> >

Anggota DPRD Blora yang Marah Saat Hendak Diperiksa Kesehatannya Ternyata Bekas Napi Koruptor

Berita daerah | 21 Maret 2020, 23:49 WIB
Beberapa anggota DPRD Kabupaten Blora, Jawa Tengah marah saat hendak diperiksa kesehatannya oleh tim medis Dinas Kesehatan Kabupaten Blora sepulang kegiatan Kunjungan Kerja ke Lombok, Nusa Tenggara Barat, di terminal Padangan, Kabupaten Bojonegoro, Jawa Timur, Kamis (19/3/2020) malam. (Sumber: Dokumen Warga Blora via Kompas.com)

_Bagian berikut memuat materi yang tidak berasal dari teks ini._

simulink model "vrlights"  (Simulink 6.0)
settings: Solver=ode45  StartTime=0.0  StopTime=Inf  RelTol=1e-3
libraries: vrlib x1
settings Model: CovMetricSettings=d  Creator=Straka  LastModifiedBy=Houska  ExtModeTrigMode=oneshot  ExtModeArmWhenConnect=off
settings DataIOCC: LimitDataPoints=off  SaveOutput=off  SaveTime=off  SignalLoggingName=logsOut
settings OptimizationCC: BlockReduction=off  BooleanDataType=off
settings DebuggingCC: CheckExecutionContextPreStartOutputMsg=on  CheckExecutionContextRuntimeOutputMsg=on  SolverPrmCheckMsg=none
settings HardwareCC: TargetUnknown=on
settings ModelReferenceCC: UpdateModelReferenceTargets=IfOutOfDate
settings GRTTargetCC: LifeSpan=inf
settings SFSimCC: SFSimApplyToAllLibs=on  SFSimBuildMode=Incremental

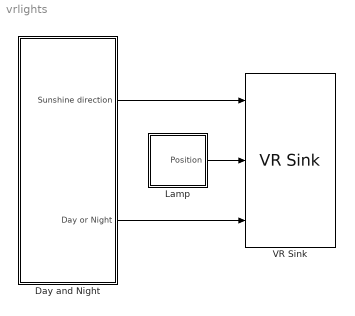
== system vrlights ==
  Day and Night : Subsystem  EnableExecutionContextPropagation=on
  Lamp : Subsystem  EnableExecutionContextPropagation=on
  VR Sink : vrlib/VR Sink  SampleTime=0.1  ViewEnable=on  RemoteChange=off  RemoteView=off  FieldsWritten=Sun.direction.3.1.double#Lamp.location.3.1.double#Lamp.on.1.1.logical  WorldFileName=vrlights.wrl  AutoView=on
  wires:
  Lamp/1(Position) -> VR Sink/2
  Day and Night/2(Day or Night) -> VR Sink/3
  Day and Night/1(Sunshine direction) -> VR Sink/1

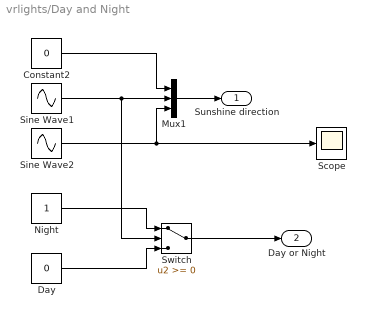
== system vrlights/Day and Night ==
  Constant2 : Constant  Value=0
  Day : Constant  Value=0
  Mux1 : Mux  Inputs=3
  Night : Constant
  Scope : Scope
  Sine Wave1 : Sin  Frequency=0.03  Phase=-1.57  SampleTime=0
  Sine Wave2 : Sin  Frequency=0.03  SampleTime=0
  Switch : Switch  InputSameDT=on
  Sunshine direction : Outport
  Day or Night : Outport  Port=2
  wires:
  Constant2/1 -> Mux1/1
  Mux1/1 -> Sunshine direction/1
  Night/1 -> Switch/1
  Day/1 -> Switch/3
  Sine Wave1/1 -> Mux1/2, Switch/2
  Sine Wave2/1 -> Mux1/3, Scope/1
  Switch/1 -> Day or Night/1

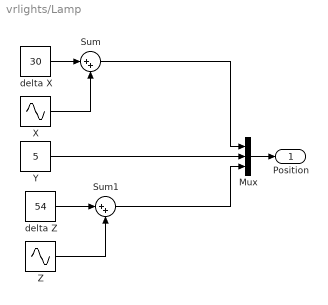
== system vrlights/Lamp ==
  Mux : Mux  Inputs=3
  Sum : Sum  Inputs=|++  SaturateOnIntegerOverflow=on  InputSameDT=on
  Sum1 : Sum  Inputs=|++  SaturateOnIntegerOverflow=on  InputSameDT=on
  X : Sin  Amplitude=20  Frequency=0.065  SampleTime=0
  Y : Constant  Value=5
  Z : Sin  Amplitude=24  Frequency=0.05  SampleTime=0
  delta X : Constant  Value=30
  delta Z : Constant  Value=54
  Position : Outport
  wires:
  delta X/1 -> Sum/1
  Y/1 -> Mux/2
  delta Z/1 -> Sum1/1
  Mux/1 -> Position/1
  Sum1/1 -> Mux/3
  Sum/1 -> Mux/1
  Z/1 -> Sum1/2
  X/1 -> Sum/2
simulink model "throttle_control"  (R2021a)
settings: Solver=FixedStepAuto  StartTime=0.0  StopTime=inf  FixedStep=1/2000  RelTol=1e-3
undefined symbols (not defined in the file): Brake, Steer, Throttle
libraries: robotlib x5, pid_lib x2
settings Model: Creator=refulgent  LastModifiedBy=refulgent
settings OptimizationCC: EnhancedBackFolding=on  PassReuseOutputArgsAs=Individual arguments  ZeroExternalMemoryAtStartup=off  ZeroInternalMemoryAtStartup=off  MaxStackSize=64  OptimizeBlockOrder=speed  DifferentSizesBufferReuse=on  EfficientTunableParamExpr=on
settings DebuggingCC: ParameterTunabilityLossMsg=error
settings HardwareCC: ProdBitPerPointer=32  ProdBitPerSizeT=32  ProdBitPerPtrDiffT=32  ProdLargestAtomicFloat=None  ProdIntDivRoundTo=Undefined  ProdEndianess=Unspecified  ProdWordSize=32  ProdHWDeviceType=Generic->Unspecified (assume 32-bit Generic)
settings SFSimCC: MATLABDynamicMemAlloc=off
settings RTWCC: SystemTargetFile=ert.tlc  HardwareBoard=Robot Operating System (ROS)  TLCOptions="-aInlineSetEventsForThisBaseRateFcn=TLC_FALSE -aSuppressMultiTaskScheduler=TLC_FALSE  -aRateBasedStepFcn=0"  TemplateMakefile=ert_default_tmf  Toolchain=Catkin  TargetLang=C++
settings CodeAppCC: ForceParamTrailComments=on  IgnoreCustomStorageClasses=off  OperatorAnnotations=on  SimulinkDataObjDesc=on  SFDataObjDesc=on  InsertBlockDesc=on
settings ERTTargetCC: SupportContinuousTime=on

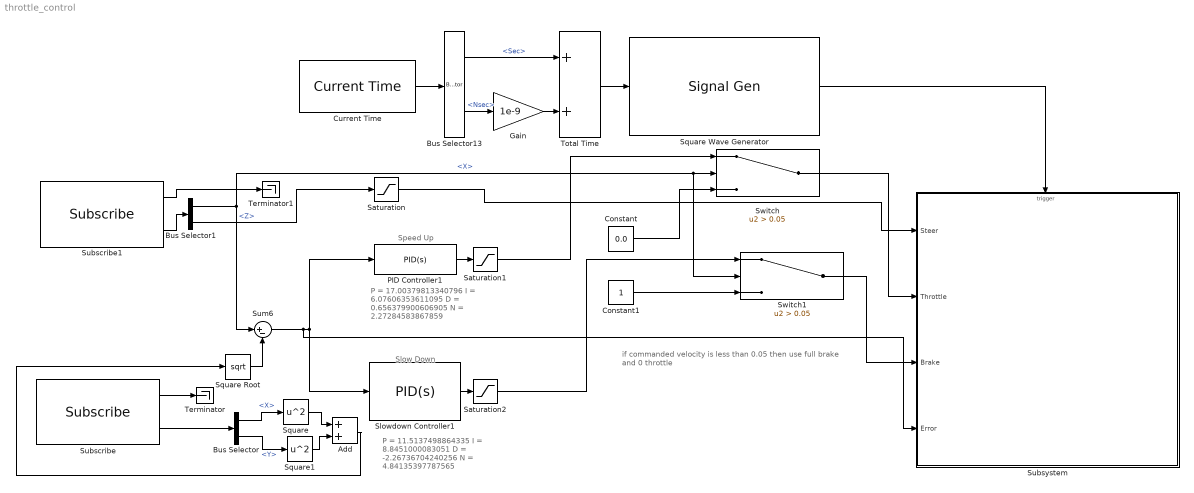
== system throttle_control ==
  note: if commanded velocity is less than 0.05 then use full brake
      | and 0 throttle
  note: P = 17.00379813340796
      | I = 6.07606353611095
      | D = 0.656379900606905
      | N = 2.27284583867859
  note: Slow Down
  note: Speed Up
  note: P = 11.5137498864335
      | I = 8.8451000083051
      | D = -2.26736704240256
      | N = 4.84135397787565
  Add : Sum
  Bus Selector : BusSelector  OutputSignals=Linear.X,Linear.Y
  Bus Selector1 : BusSelector  OutputSignals=Linear.X,Angular.Z
  Bus Selector13 : BusSelector  OutputSignals=Sec,Nsec
  Constant : Constant  Value=0.0
  Constant1 : Constant
  Current Time : robotlib/Current Time  OutputFormat=bus  SampleTime=-1  ModelName=throttle_control
      settings: SourceProductBaseCode=RR
  Gain : Gain  Gain=1e-9
  PID Controller1 : pid_lib/PID Controller  Controller=PID  Form=Parallel  TimeDomain=Continuous-time  UseExternalTs=off  SampleTime=-1  IntegratorMethod=Forward Euler  FilterMethod=Forward Euler  ControllerParametersSource=internal  P=17.00379813340796  I=6.07606353611095  D=0.656379900606905  UseFilter=on  N=2.27284583867859  TunerSelectOption=Transfer Function Based (PID Tuner App)  InitialConditionSource=internal  InitialConditionForIntegrator=0  InitialConditionForFilter=0  DifferentiatorICPrevScaledInput=0  ExternalReset=none  TrackingMode=off  Kt=1  LimitOutput=on  SatLimitsSource=internal  UpperSaturationLimit=1  LowerSaturationLimit=0  LinearizeAsGain=on  AntiWindupMode=clamping  Kb=1  POutMin=[]  POutMax=[]  IOutMin=[]  IOutMax=[]  DOutMin=[]  DOutMax=[]  NOutMin=[]  NOutMax=[]  SumOutMin=[]  SumOutMax=[]  SaturationOutMin=[]  SaturationOutMax=[]  PParamMin=[]  PParamMax=[]  IParamMin=[]  IParamMax=[]  DParamMin=[]  DParamMax=[]  NParamMin=[]  NParamMax=[]  KbParamMin=[]  KbParamMax=[]  KtParamMin=[]  KtParamMax=[]  KbOutMin=[]  KbOutMax=[]  KtOutMin=[]  KtOutMax=[]  IntegratorOutMin=[]  IntegratorOutMax=[]  FilterOutMin=[]  FilterOutMax=[]  SumI1OutMin=[]  SumI1OutMax=[]  SumI2OutMin=[]  SumI2OutMax=[]  SumI3OutMin=[]  SumI3OutMax=[]  SumI4OutMin=[]  SumI4OutMax=[]  SumDOutMin=[]  SumDOutMax=[]  DifferentiatorOutMin=[]  DifferentiatorOutMax=[]  FilterDiffOutCoefMin=[]  FilterDiffOutCoefMax=[]  ReciprocalOutMin=[]  ReciprocalOutMax=[]  SumDenOutMin=[]  SumDenOutMax=[]  SumNumOutMin=[]  SumNumOutMax=[]  DivideOutMin=[]  DivideOutMax=[]  UdiffTsProdOutMin=[]  UdiffTsProdOutMax=[]  NTsProdOutMin=[]  NTsProdOutMax=[]  UintegralTsProdOutMin=[]  UintegralTsProdOutMax=[]  UngainTsProdOutMin=[]  UngainTsProdOutMax=[]  IntegratorContinuousStateAttributes=''  IntegratorStateMustResolveToSignalObject=off  IntegratorRTWStateStorageClass=Auto  FilterContinuousStateAttributes=''  FilterStateMustResolveToSignalObject=off  FilterRTWStateStorageClass=Auto  ParallelPVariant=InternalParameters  IdealPVariant=Disabled  IVariant=InternalParameters  DVariant=InternalParameters  IntegratorVariant=Continuous  SatVariant=Enabled  AWVariant=ContClampingParallel  PCopyVariant=Disabled  TRVariant=Disabled  FdbkBlocksVariant=Forward  IdealPFdbkVariant=Disabled  SatFdbkVariant=Disabled  DerivativeFilterVariant=ContFilter  NVariant=InternalParameters  NCopyVariant=Disabled  FilterICVariant=InternalICsFilter  IntegratorICVariant=InternalICs  ExternalResetVariant=Disabled  TRSumVariant=Passthrough  SumFdbkVariant=Disabled  SumVariant=Sum_PID  TsampFilterVariant=InternalTs  TsampNgainVariant=Passthrough  TsampIntegralVariant=Passthrough  ExternalSaturationOutDataTypeStr=Inherit: Same as second input
  Saturation : Saturate  UpperLimit=1  LowerLimit=-1
  Saturation1 : Saturate  UpperLimit=1  LowerLimit=0
  Saturation2 : Saturate  UpperLimit=1  LowerLimit=0
  Slowdown Controller1 : pid_lib/PID Controller  Controller=PID  Form=Parallel  TimeDomain=Continuous-time  UseExternalTs=off  SampleTime=-1  IntegratorMethod=Forward Euler  FilterMethod=Forward Euler  ControllerParametersSource=internal  P=11.5137498864335  I=8.8451000083051  D=-2.26736704240256  UseFilter=on  N=4.84135397787565  TunerSelectOption=Transfer Function Based (PID Tuner App)  InitialConditionSource=internal  InitialConditionForIntegrator=0  InitialConditionForFilter=0  DifferentiatorICPrevScaledInput=0  ExternalReset=none  TrackingMode=off  Kt=1  LimitOutput=on  SatLimitsSource=internal  UpperSaturationLimit=1  LowerSaturationLimit=0  LinearizeAsGain=on  AntiWindupMode=clamping  Kb=1  POutMin=[]  POutMax=[]  IOutMin=[]  IOutMax=[]  DOutMin=[]  DOutMax=[]  NOutMin=[]  NOutMax=[]  SumOutMin=[]  SumOutMax=[]  SaturationOutMin=[]  SaturationOutMax=[]  PParamMin=[]  PParamMax=[]  IParamMin=[]  IParamMax=[]  DParamMin=[]  DParamMax=[]  NParamMin=[]  NParamMax=[]  KbParamMin=[]  KbParamMax=[]  KtParamMin=[]  KtParamMax=[]  KbOutMin=[]  KbOutMax=[]  KtOutMin=[]  KtOutMax=[]  IntegratorOutMin=[]  IntegratorOutMax=[]  FilterOutMin=[]  FilterOutMax=[]  SumI1OutMin=[]  SumI1OutMax=[]  SumI2OutMin=[]  SumI2OutMax=[]  SumI3OutMin=[]  SumI3OutMax=[]  SumI4OutMin=[]  SumI4OutMax=[]  SumDOutMin=[]  SumDOutMax=[]  DifferentiatorOutMin=[]  DifferentiatorOutMax=[]  FilterDiffOutCoefMin=[]  FilterDiffOutCoefMax=[]  ReciprocalOutMin=[]  ReciprocalOutMax=[]  SumDenOutMin=[]  SumDenOutMax=[]  SumNumOutMin=[]  SumNumOutMax=[]  DivideOutMin=[]  DivideOutMax=[]  UdiffTsProdOutMin=[]  UdiffTsProdOutMax=[]  NTsProdOutMin=[]  NTsProdOutMax=[]  UintegralTsProdOutMin=[]  UintegralTsProdOutMax=[]  UngainTsProdOutMin=[]  UngainTsProdOutMax=[]  IntegratorContinuousStateAttributes=''  IntegratorStateMustResolveToSignalObject=off  IntegratorRTWStateStorageClass=Auto  FilterContinuousStateAttributes=''  FilterStateMustResolveToSignalObject=off  FilterRTWStateStorageClass=Auto  ParallelPVariant=InternalParameters  IdealPVariant=Disabled  IVariant=InternalParameters  DVariant=InternalParameters  IntegratorVariant=Continuous  SatVariant=Enabled  AWVariant=ContClampingParallel  PCopyVariant=Disabled  TRVariant=Disabled  FdbkBlocksVariant=Forward  IdealPFdbkVariant=Disabled  SatFdbkVariant=Disabled  DerivativeFilterVariant=ContFilter  NVariant=InternalParameters  NCopyVariant=Disabled  FilterICVariant=InternalICsFilter  IntegratorICVariant=InternalICs  ExternalResetVariant=Disabled  TRSumVariant=Passthrough  SumFdbkVariant=Disabled  SumVariant=Sum_PID  TsampFilterVariant=InternalTs  TsampNgainVariant=Passthrough  TsampIntegralVariant=Passthrough  ExternalSaturationOutDataTypeStr=Inherit: Same as second input
  Square : Math  Operator=square  SaturateOnIntegerOverflow=on
  Square Root : Sqrt  SaturateOnIntegerOverflow=on
  Square Wave Generator : SignalGenerator  WaveForm=square  TimeSource=Use external signal  Frequency=100
  Square1 : Math  Operator=square  SaturateOnIntegerOverflow=on
  Subscribe : robotlib/Subscribe  topicSource=Specify your own  topic=vel  messageType=geometry_msgs/Twist  SampleTime=-1  legacyBusStruct=off  messageQueueLength=1
  Subscribe1 : robotlib/Subscribe  topicSource=Specify your own  topic=cmd_vel  messageType=geometry_msgs/Twist  SampleTime=-1  legacyBusStruct=off  messageQueueLength=1
  Subsystem : Subsystem
  Sum6 : Sum  Inputs=|+-
  Switch : Switch  Criteria=u2 > Threshold  Threshold=0.05
  Switch1 : Switch  Criteria=u2 > Threshold  Threshold=0.05
  Terminator : Terminator
  Terminator1 : Terminator
  Total Time : Sum
  wires:
  Sum6/1 -> Subsystem/4(Error), Slowdown Controller1/1, PID Controller1/1
  Subscribe/2 -> Bus Selector/1
  Bus Selector/1 -> Square/1  "<X>"
  Bus Selector/2 -> Square1/1  "<Y>"
  Square1/1 -> Add/2
  Square/1 -> Add/1
  Add/1 -> Square Root/1
  Square Root/1 -> Sum6/2
  Subscribe/1 -> Terminator/1
  Subscribe1/1 -> Terminator1/1
  Subscribe1/2 -> Bus Selector1/1
  Bus Selector1/1 -> Sum6/1, Switch1/2, Switch/2  "<X>"
  Bus Selector1/2 -> Saturation/1  "<Z>"
  Saturation/1 -> Subsystem/1(Steer)
  Saturation1/1 -> Switch/1
  Slowdown Controller1/1 -> Saturation2/1
  Bus Selector13/1 -> Total Time/1  "<Sec>"
  Square Wave Generator/1 -> Subsystem/Trigger
  Bus Selector13/2 -> Gain/1  "<Nsec>"
  Total Time/1 -> Square Wave Generator/1
  Gain/1 -> Total Time/2
  Current Time/1 -> Bus Selector13/1
  PID Controller1/1 -> Saturation1/1
  Saturation2/1 -> Switch1/1
  Constant/1 -> Switch/3
  Switch/1 -> Subsystem/2(Throttle)
  Constant1/1 -> Switch1/3
  Switch1/1 -> Subsystem/3(Brake)

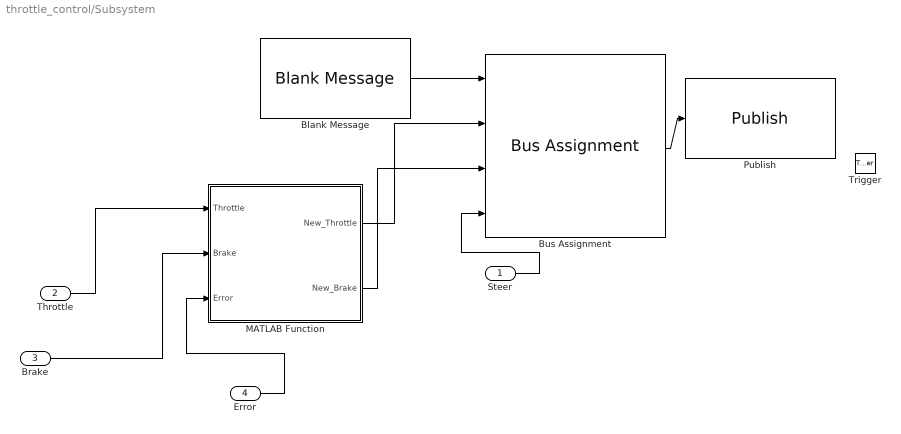
== system throttle_control/Subsystem ==
  Steer : Inport
  Throttle : Inport  Port=2
  Brake : Inport  Port=3
  Error : Inport  Port=4
  Trigger : TriggerPort  VariantControl=(inherit)  PortDimensions=1
  Blank Message : robotlib/Blank Message  messageClass=Message  entityType=steer/avcontrol  messageType=steer/avcontrol  SampleTime=inf  legacyBusStruct=off
  Bus Assignment : BusAssignment  AssignedSignals=Throttle,Brake,Steer
  MATLAB Function : MATLAB Function  TreatAsAtomicUnit=on
  Publish : robotlib/Publish  topicSource=Specify your own  topic=control  messageType=steer/avcontrol  legacyBusStruct=off  messageQueueLength=1
  wires:
  Bus Assignment/1 -> Publish/1
  Blank Message/1 -> Bus Assignment/1
  Throttle/1 -> MATLAB Function/1(Throttle)
  Brake/1 -> MATLAB Function/2(Brake)
  Steer/1 -> Bus Assignment/4
  Error/1 -> MATLAB Function/3(Error)
  MATLAB Function/1(New_Throttle) -> Bus Assignment/2
  MATLAB Function/2(New_Brake) -> Bus Assignment/3

== matlab function throttle_control/Subsystem/MATLAB Function ==
  data: Throttle input; New_Throttle output; Brake input; Error input; New_Brake output
function [New_Throttle, New_Brake] = fcn(Throttle, Brake, Error)

    New_Throttle = Throttle;
    New_Brake= Brake;

    if(Throttle == Brake)
        % Commanded velocity is greater than current velocity then accelerate
        if (Error >= 0)
            New_Throttle = Throttle;
            New_Brake = 0;
        elseif(Error < 0)
            New_Throttle = 0.0;
            New_Brake = Brake;
        end
    end
end

BLORA, KOMPAS TV - WR, Anggota DPRD Kabupaten Blora, Jawa Tengah, yang marah-marah saat hendak diperiksa kesehatannya oleh tim medis dari Dinas Kesehatan Kabupaten Blora ternyata bekas narapidana atau napi kasus korupsi.

WR diketahui merupakan politikus dari Fraksi Partai Hanura. Namanya pun sudah tak asing lagi di telinga masyarakat Kabupaten Blora. 

Pasalnya, ia pernah menjabat sebagai Ketua DPRD Kabupaten Blora periode 2004 sampai 2009. Di masa kepemimpinannya, WR terseret kasus korupsi tunjangan DPRD dari APBD Kabupaten Blora tahun 2004.

Uang yang dikorupsinya pun tak sedikit. Nilainya mencapai Rp5,6 miliar. WR melancarkan aksinya bekerja sama dengan Sekretaris DPRD Blora Sukarno dan Kepala Bagian Keuangan Era Marliana.

Baca Juga: Anggota DPRD Blora Tolak Cek Kesehatan dengan Alasan Dirinya Setingkat Bupati

Setelah terbukti bersalah, WR divonis dua tahun penjara oleh Pengadilan Tinggi Jawa Tengah. Putusan itu menguatkan putusan dari Pengadilan Negeri Blora pada 5 Februari 2009.

Divonis penjara dua tahun, WR tak terima. Dia mengajukan kasasi ke Mahkamah Agung. Namun permohonannya ditolak.

Koordinator LSM Gerakan Rakyat Menggugat, Eko Arifianto, membenarkan WR merupakan bekas napi koruptor.

"Iya benar WR eks napi koruptor. WR terjerat kasus korupsi tunjangan dewan saat menjabat sebagai Ketua DPRD Blora 2004-2009," kata Eko seperti dikutip Kompas.com, Sabtu (21/3/2020).

Pada Pileg 2019, WR kembali mencalonkan diri sebagai wakil rakyat Kabupaten Blora. Saat itu, namanya sempat dicoret dalam daftar calon legislatif sementara karena statusnya sebagai napi koruptor.
 
Namun upaya WR maju sebagai caleg berjalan mulus pada Pileg 2019. Itu setelah Mahkamah Agung memutuskan mengizinkan caleg eks koruptor bisa maju di Pileg. Ia pun lolos menjadi wakil rakyat hingga saat ini.